• WORK TO COMPLETE
Output the data word for word. Begin at its first line and end at the line with "line L14 (-19.05, 0) -> (0, 0)".

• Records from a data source

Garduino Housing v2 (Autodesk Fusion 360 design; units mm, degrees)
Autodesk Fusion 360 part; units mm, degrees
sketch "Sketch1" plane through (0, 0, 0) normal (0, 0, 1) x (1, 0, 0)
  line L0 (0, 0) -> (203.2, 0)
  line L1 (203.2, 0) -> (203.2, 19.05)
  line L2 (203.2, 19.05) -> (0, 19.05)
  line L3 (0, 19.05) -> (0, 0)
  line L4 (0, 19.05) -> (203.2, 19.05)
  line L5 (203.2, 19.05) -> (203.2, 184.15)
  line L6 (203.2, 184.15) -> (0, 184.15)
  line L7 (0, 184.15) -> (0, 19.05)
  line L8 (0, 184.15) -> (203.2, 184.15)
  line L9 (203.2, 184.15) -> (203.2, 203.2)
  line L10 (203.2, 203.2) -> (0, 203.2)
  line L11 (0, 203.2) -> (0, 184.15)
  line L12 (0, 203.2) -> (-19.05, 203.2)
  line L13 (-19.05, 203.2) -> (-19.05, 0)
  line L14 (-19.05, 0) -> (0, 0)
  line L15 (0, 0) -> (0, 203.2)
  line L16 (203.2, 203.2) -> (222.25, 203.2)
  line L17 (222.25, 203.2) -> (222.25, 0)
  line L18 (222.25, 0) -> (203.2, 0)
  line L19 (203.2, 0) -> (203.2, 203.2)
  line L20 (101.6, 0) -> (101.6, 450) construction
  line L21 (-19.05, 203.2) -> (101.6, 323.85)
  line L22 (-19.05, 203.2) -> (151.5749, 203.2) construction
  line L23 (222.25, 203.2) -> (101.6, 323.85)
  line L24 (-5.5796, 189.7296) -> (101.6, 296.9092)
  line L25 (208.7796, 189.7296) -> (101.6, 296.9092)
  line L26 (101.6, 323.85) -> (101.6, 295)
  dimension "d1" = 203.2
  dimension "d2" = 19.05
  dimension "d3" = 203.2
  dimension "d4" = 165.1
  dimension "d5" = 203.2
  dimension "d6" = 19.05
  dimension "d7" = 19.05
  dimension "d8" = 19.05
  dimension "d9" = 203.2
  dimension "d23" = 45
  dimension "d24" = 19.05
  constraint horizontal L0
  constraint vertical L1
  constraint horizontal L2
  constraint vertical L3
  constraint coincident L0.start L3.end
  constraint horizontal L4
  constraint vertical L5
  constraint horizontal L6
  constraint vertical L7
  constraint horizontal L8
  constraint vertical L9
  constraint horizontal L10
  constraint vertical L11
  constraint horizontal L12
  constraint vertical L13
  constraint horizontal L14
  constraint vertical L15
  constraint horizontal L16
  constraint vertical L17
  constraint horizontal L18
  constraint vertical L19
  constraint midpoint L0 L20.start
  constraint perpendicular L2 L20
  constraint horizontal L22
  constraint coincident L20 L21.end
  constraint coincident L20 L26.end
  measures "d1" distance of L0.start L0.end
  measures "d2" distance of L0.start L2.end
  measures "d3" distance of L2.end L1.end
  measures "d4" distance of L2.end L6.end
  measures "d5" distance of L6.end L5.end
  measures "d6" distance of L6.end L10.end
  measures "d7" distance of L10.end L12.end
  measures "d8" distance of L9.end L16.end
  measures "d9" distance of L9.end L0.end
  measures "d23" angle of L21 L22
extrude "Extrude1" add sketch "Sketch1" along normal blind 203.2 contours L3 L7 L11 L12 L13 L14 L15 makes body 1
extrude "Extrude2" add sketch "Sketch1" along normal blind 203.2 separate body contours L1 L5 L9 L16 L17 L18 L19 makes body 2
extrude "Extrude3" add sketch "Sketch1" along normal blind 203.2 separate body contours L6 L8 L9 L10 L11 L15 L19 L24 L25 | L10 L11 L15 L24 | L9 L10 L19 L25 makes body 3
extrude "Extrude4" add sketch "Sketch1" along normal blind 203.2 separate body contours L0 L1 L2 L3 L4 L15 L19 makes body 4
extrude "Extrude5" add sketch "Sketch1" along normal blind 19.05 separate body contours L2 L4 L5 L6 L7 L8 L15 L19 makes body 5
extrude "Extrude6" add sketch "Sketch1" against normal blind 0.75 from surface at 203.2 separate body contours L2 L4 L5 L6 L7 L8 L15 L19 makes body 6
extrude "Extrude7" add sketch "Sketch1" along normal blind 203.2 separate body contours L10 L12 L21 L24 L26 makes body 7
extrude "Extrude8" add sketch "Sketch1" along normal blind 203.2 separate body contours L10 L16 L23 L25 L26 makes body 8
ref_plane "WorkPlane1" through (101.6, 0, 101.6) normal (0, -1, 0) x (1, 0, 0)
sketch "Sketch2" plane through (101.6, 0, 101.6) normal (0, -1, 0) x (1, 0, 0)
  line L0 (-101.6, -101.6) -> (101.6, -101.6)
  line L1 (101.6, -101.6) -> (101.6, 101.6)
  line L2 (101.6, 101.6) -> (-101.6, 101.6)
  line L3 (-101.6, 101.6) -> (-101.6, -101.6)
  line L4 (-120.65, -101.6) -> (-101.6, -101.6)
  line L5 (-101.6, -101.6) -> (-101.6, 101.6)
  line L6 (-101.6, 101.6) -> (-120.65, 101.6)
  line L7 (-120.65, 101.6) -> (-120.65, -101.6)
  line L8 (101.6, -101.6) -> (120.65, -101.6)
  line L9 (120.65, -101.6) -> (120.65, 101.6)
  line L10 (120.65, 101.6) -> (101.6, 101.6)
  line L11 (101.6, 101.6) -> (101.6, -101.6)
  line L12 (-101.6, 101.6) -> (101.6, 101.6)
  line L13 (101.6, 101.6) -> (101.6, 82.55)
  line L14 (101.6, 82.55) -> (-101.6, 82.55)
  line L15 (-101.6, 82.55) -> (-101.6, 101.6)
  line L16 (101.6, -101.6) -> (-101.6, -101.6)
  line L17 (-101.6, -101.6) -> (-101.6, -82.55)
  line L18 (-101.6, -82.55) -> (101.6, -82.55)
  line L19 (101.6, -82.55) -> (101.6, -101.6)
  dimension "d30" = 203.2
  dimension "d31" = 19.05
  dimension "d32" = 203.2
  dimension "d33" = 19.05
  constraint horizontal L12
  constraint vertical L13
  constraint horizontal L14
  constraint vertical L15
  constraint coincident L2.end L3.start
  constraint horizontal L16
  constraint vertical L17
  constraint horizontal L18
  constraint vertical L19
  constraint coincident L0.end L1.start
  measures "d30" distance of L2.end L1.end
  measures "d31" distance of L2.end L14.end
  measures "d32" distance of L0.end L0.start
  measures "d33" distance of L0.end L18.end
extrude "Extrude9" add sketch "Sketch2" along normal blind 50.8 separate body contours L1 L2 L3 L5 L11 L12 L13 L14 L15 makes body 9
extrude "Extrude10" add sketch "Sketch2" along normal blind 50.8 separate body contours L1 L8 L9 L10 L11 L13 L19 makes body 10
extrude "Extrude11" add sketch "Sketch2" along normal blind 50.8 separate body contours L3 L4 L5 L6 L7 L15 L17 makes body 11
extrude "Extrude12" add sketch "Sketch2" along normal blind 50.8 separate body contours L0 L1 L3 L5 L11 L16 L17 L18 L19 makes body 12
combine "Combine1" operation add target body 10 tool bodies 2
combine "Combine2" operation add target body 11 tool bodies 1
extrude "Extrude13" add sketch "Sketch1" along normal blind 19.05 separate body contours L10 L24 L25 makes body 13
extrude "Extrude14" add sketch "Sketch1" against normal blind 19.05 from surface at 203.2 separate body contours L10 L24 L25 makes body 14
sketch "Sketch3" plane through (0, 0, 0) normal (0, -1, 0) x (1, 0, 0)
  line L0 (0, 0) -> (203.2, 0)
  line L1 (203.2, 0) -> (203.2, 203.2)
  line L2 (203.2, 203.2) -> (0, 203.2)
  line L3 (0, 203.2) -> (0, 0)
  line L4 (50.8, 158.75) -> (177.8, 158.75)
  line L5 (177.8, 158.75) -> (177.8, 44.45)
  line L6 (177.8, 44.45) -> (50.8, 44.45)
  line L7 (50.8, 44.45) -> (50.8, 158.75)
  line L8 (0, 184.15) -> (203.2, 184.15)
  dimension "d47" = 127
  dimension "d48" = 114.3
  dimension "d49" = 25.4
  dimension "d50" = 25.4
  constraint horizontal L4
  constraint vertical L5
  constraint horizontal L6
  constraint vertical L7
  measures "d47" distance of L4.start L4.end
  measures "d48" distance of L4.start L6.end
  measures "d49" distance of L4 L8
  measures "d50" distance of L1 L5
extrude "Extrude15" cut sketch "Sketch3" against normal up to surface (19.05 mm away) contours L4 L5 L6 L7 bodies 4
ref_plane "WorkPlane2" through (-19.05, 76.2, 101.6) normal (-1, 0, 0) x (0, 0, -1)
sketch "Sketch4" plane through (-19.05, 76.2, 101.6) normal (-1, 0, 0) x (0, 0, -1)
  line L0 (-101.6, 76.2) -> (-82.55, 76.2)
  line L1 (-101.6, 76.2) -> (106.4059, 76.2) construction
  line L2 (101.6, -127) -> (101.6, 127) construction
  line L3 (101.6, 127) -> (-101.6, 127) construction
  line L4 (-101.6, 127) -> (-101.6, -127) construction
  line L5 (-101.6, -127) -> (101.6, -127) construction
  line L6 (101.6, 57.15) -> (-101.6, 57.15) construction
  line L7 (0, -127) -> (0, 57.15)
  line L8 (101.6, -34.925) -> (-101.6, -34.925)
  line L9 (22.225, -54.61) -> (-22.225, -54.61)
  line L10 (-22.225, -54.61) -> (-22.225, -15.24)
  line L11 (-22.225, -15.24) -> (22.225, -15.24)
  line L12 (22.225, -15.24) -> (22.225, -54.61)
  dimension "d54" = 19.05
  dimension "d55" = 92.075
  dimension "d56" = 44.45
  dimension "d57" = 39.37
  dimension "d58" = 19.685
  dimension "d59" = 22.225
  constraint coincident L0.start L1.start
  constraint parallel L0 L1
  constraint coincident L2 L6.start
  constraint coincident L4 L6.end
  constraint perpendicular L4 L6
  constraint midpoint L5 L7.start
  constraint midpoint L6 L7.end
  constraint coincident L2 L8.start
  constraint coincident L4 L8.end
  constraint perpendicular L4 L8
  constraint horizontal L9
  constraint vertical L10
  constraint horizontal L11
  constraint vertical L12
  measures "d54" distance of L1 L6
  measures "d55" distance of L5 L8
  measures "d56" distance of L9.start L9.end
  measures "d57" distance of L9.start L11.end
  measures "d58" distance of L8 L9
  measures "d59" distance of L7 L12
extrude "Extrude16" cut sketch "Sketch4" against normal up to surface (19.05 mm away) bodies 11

• YOUR RESPONSE
Garduino Housing v2 (Autodesk Fusion 360 design; units mm, degrees)
Autodesk Fusion 360 part; units mm, degrees
sketch "Sketch1" plane through (0, 0, 0) normal (0, 0, 1) x (1, 0, 0)
  line L0 (0, 0) -> (203.2, 0)
  line L1 (203.2, 0) -> (203.2, 19.05)
  line L2 (203.2, 19.05) -> (0, 19.05)
  line L3 (0, 19.05) -> (0, 0)
  line L4 (0, 19.05) -> (203.2, 19.05)
  line L5 (203.2, 19.05) -> (203.2, 184.15)
  line L6 (203.2, 184.15) -> (0, 184.15)
  line L7 (0, 184.15) -> (0, 19.05)
  line L8 (0, 184.15) -> (203.2, 184.15)
  line L9 (203.2, 184.15) -> (203.2, 203.2)
  line L10 (203.2, 203.2) -> (0, 203.2)
  line L11 (0, 203.2) -> (0, 184.15)
  line L12 (0, 203.2) -> (-19.05, 203.2)
  line L13 (-19.05, 203.2) -> (-19.05, 0)
  line L14 (-19.05, 0) -> (0, 0)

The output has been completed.